_WHAT THE TASK ASKS_
Given the records below, would you repeat exactly the lines that begin at the one containing "unnamed: A1.4 (1A), J1.2" and end at the one containing "unnamed: A4.5 (2A), J4.3", inclusive?

═════ SOURCE DATA

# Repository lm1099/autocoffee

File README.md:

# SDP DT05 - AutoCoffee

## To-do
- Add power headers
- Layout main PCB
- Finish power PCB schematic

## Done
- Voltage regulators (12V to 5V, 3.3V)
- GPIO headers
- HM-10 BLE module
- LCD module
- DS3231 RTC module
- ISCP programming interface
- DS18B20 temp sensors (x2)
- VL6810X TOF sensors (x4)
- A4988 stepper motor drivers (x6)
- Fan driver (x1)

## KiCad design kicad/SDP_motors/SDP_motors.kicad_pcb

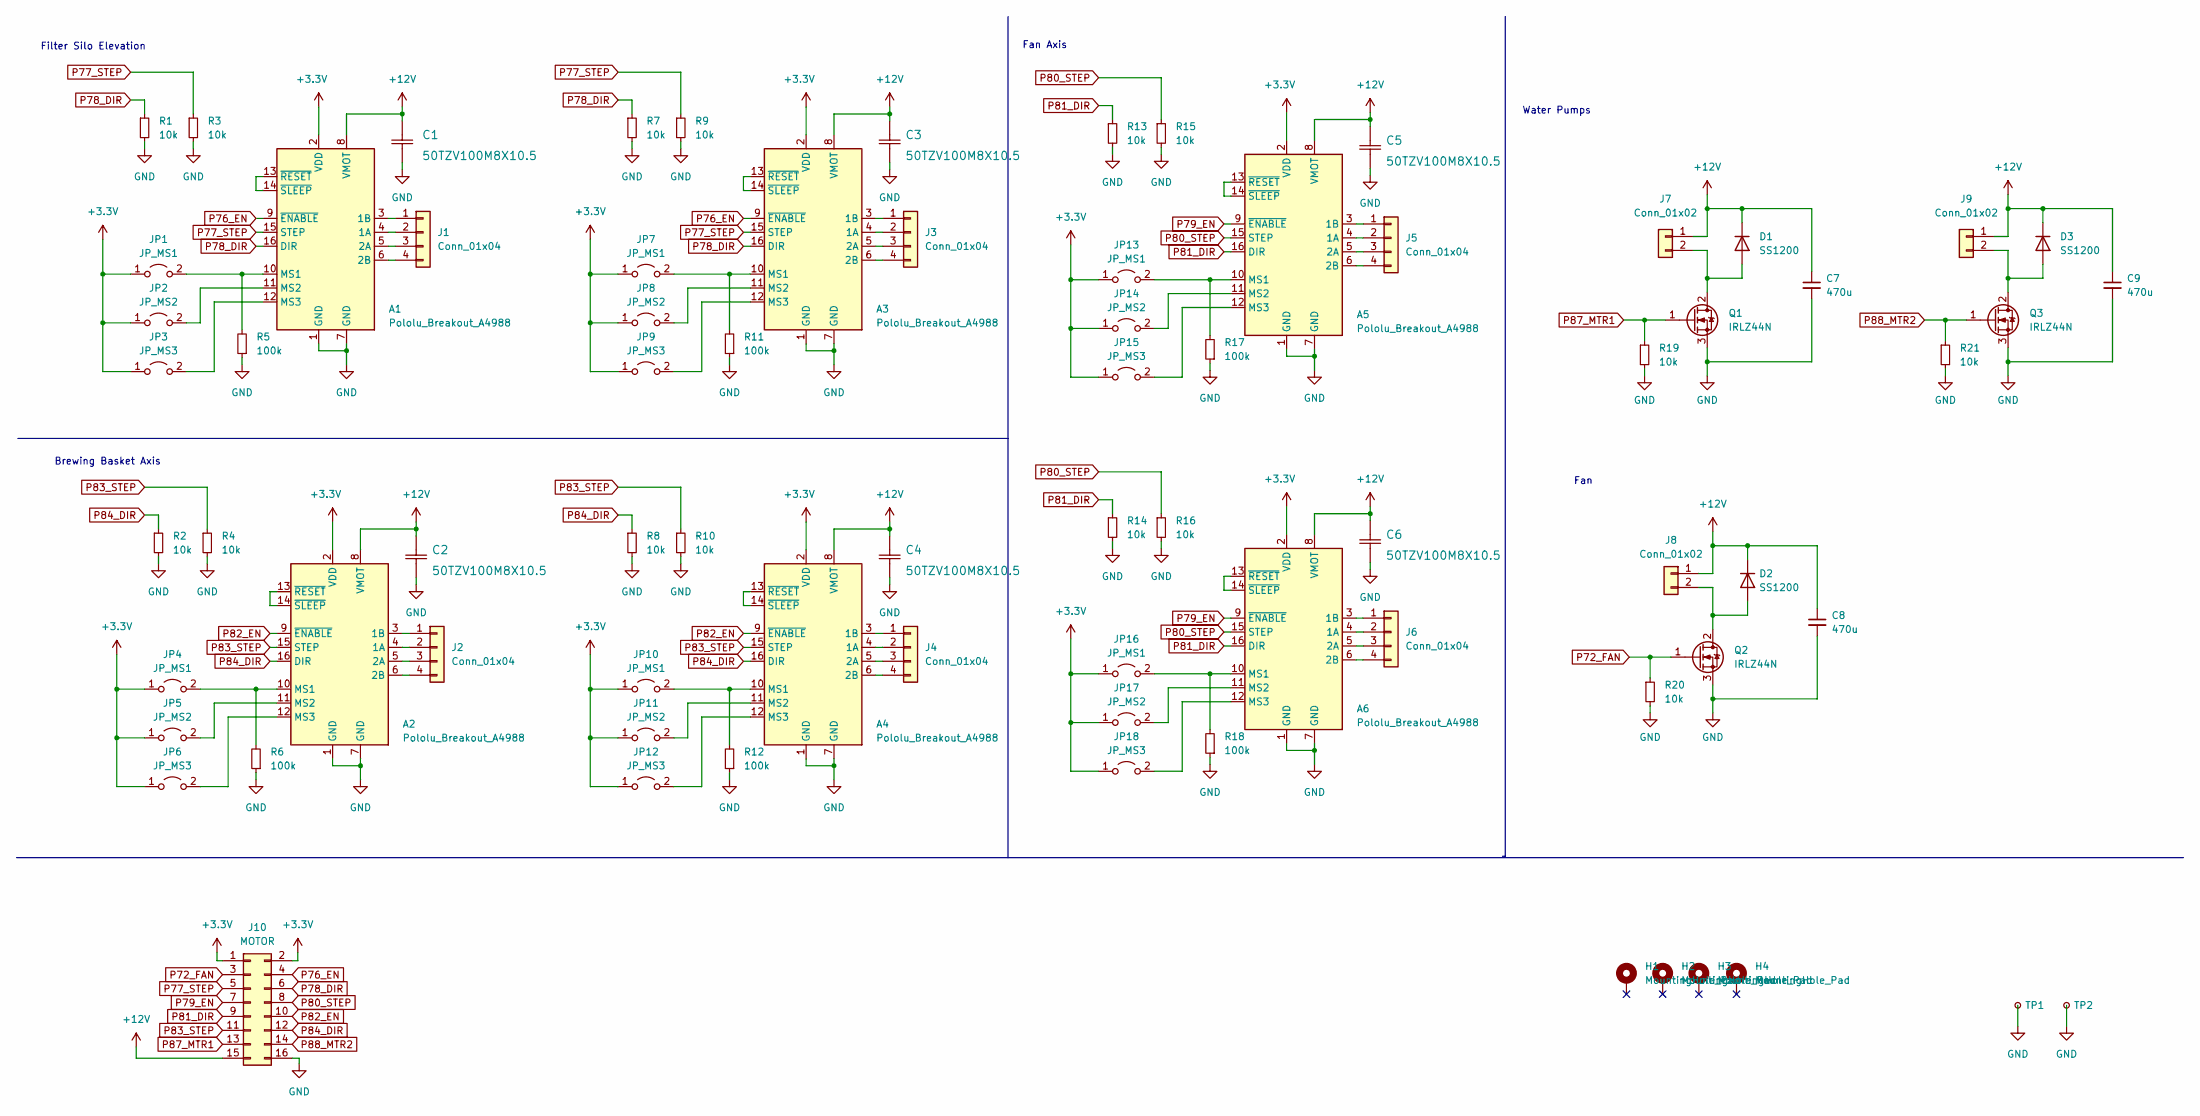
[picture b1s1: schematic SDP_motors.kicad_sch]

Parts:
A1, A2, A3, A4, A5, A6: Pololu_Breakout_A4988; Pololu_Breakout-16_15.2x20.3mm
C1, C2, C3, C4, C5, C6: 50TZV100M8X10.5
C7, C8, C9: 470u; C_Radial_D12.5mm_H20.0mm_P5.00mm
D1, D2, D3: SS1200; D_SMA
H1, H2, H3, H4: MountingHole_Pad; MountingHole_3.2mm_M3_Pad
J1, J2, J3, J4, J5, J6: Conn_01x04; PinHeader_1x04_P2.54mm_Vertical
J7, J8, J9: Conn_01x02; TerminalBlock_Phoenix_PT-1,5-2-5.0-H_1x02_P5.00mm_Horizontal
J10: MOTOR; PinSocket_2x08_P2.54mm_Vertical
JP1, JP4, JP7, JP10, JP13, JP16: JP_MS1; SolderJumper-2_P1.3mm_Open_RoundedPad1.0x1.5mm
JP2, JP5, JP8, JP11, JP14, JP17: JP_MS2; SolderJumper-2_P1.3mm_Open_RoundedPad1.0x1.5mm
JP3, JP6, JP9, JP12, JP15, JP18: JP_MS3; SolderJumper-2_P1.3mm_Open_RoundedPad1.0x1.5mm
Q1, Q2, Q3: IRLZ44N; TO-263-2
R1, R2, R3, R4, R7, R8, R9, R10, R13, R14, R15, R16, R19, R20, R21: 10k; R_0805_2012Metric
R5, R6, R11, R12, R17, R18: 100k; R_0805_2012Metric
TP1, TP2: TestPoint_Small; TestPoint_Keystone_5005-5009_Compact

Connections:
+3V3: A1.2 (VDD), A2.2 (VDD), A3.2 (VDD), A4.2 (VDD), A5.2 (VDD), A6.2 (VDD), J10.1, J10.2, JP1.1 (A), JP2.1 (A), JP3.1 (A), JP4.1 (A), JP5.1 (A), JP6.1 (A), JP7.1 (A), JP8.1 (A), JP9.1 (A), JP10.1 (A), JP11.1 (A), JP12.1 (A), JP13.1 (A), JP14.1 (A), JP15.1 (A), JP16.1 (A), JP17.1 (A), JP18.1 (A)
+12V: A1.8 (VMOT), A2.8 (VMOT), A3.8 (VMOT), A4.8 (VMOT), A5.8 (VMOT), A6.8 (VMOT), C1.2, C2.2, C3.2, C4.2, C5.2, C6.2, C7.1, C8.1, C9.1, D1.1 (K), D2.1 (K), D3.1 (K), J7.1, J8.1, J9.1, J10.15
GND: A1.1 (GND), A1.7 (GND), A2.1 (GND), A2.7 (GND), A3.1 (GND), A3.7 (GND), A4.1 (GND), A4.7 (GND), A5.1 (GND), A5.7 (GND), A6.1 (GND), A6.7 (GND), C1.1, C2.1, C3.1, C4.1, C5.1, C6.1, C7.2, C8.2, C9.2, J10.16, Q1.3 (S), Q2.3 (S), Q3.3 (S), R1.2, R2.2, R3.2, R4.2, R5.1, R6.1, R7.2, R8.2, R9.2, R10.2, R11.1, R12.1, R13.2, R14.2, R15.2, R16.2, R17.1, R18.1, R19.2, R20.2, R21.2, TP1.1, TP2.1
unnamed: A1.3 (1B), J1.1
unnamed: A1.4 (1A), J1.2
unnamed: A1.5 (2A), J1.3
unnamed: A1.6 (2B), J1.4
unnamed: A1.10 (MS1), JP1.2 (B), R5.2
unnamed: A1.11 (MS2), JP2.2 (B)
unnamed: A1.12 (MS3), JP3.2 (B)
unnamed: A1.13 (~RESET), A1.14 (~SLEEP)
unnamed: A2.3 (1B), J2.1
unnamed: A2.4 (1A), J2.2
unnamed: A2.5 (2A), J2.3
unnamed: A2.6 (2B), J2.4
unnamed: A2.10 (MS1), JP4.2 (B), R6.2
unnamed: A2.11 (MS2), JP5.2 (B)
unnamed: A2.12 (MS3), JP6.2 (B)
unnamed: A2.13 (~RESET), A2.14 (~SLEEP)
unnamed: A3.3 (1B), J3.1
unnamed: A3.4 (1A), J3.2
unnamed: A3.5 (2A), J3.3
unnamed: A3.6 (2B), J3.4
unnamed: A3.10 (MS1), JP7.2 (B), R11.2
unnamed: A3.11 (MS2), JP8.2 (B)
unnamed: A3.12 (MS3), JP9.2 (B)
unnamed: A3.13 (~RESET), A3.14 (~SLEEP)
unnamed: A4.3 (1B), J4.1
unnamed: A4.4 (1A), J4.2
unnamed: A4.5 (2A), J4.3
unnamed: A4.6 (2B), J4.4
unnamed: A4.10 (MS1), JP10.2 (B), R12.2
unnamed: A4.11 (MS2), JP11.2 (B)
unnamed: A4.12 (MS3), JP12.2 (B)
unnamed: A4.13 (~RESET), A4.14 (~SLEEP)
unnamed: A5.3 (1B), J5.1
unnamed: A5.4 (1A), J5.2
unnamed: A5.5 (2A), J5.3
unnamed: A5.6 (2B), J5.4
unnamed: A5.10 (MS1), JP13.2 (B), R17.2
unnamed: A5.11 (MS2), JP14.2 (B)
unnamed: A5.12 (MS3), JP15.2 (B)
unnamed: A5.13 (~RESET), A5.14 (~SLEEP)
unnamed: A6.3 (1B), J6.1
unnamed: A6.4 (1A), J6.2
unnamed: A6.5 (2A), J6.3
unnamed: A6.6 (2B), J6.4
unnamed: A6.10 (MS1), JP16.2 (B), R18.2
unnamed: A6.11 (MS2), JP17.2 (B)
unnamed: A6.12 (MS3), JP18.2 (B)
unnamed: A6.13 (~RESET), A6.14 (~SLEEP)
unnamed: D1.2 (A), J7.2, Q1.2 (D)
unnamed: D2.2 (A), J8.2, Q2.2 (D)
unnamed: D3.2 (A), J9.2, Q3.2 (D)
P72_FAN: J10.3, Q2.1 (G), R20.1
P76_EN: A1.9 (~ENABLE), A3.9 (~ENABLE), J10.4
P77_STEP: A1.15 (STEP), A3.15 (STEP), J10.5, R3.1, R9.1
P78_DIR: A1.16 (DIR), A3.16 (DIR), J10.6, R1.1, R7.1
P79_EN: A5.9 (~ENABLE), A6.9 (~ENABLE), J10.7
P80_STEP: A5.15 (STEP), A6.15 (STEP), J10.8, R15.1, R16.1
P81_DIR: A5.16 (DIR), A6.16 (DIR), J10.9, R13.1, R14.1
P82_EN: A2.9 (~ENABLE), A4.9 (~ENABLE), J10.10
P83_STEP: A2.15 (STEP), A4.15 (STEP), J10.11, R4.1, R10.1
P84_DIR: A2.16 (DIR), A4.16 (DIR), J10.12, R2.1, R8.1
P87_MTR1: J10.13, Q1.1 (G), R19.1
P88_MTR2: J10.14, Q3.1 (G), R21.1

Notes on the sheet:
Filter Silo Elevation
Water Pumps
Fan
Brewing Basket Axis
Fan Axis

══════════

_REPLY_
unnamed: A1.4 (1A), J1.2
unnamed: A1.5 (2A), J1.3
unnamed: A1.6 (2B), J1.4
unnamed: A1.10 (MS1), JP1.2 (B), R5.2
unnamed: A1.11 (MS2), JP2.2 (B)
unnamed: A1.12 (MS3), JP3.2 (B)
unnamed: A1.13 (~RESET), A1.14 (~SLEEP)
unnamed: A2.3 (1B), J2.1
unnamed: A2.4 (1A), J2.2
unnamed: A2.5 (2A), J2.3
unnamed: A2.6 (2B), J2.4
unnamed: A2.10 (MS1), JP4.2 (B), R6.2
unnamed: A2.11 (MS2), JP5.2 (B)
unnamed: A2.12 (MS3), JP6.2 (B)
unnamed: A2.13 (~RESET), A2.14 (~SLEEP)
unnamed: A3.3 (1B), J3.1
unnamed: A3.4 (1A), J3.2
unnamed: A3.5 (2A), J3.3
unnamed: A3.6 (2B), J3.4
unnamed: A3.10 (MS1), JP7.2 (B), R11.2
unnamed: A3.11 (MS2), JP8.2 (B)
unnamed: A3.12 (MS3), JP9.2 (B)
unnamed: A3.13 (~RESET), A3.14 (~SLEEP)
unnamed: A4.3 (1B), J4.1
unnamed: A4.4 (1A), J4.2
unnamed: A4.5 (2A), J4.3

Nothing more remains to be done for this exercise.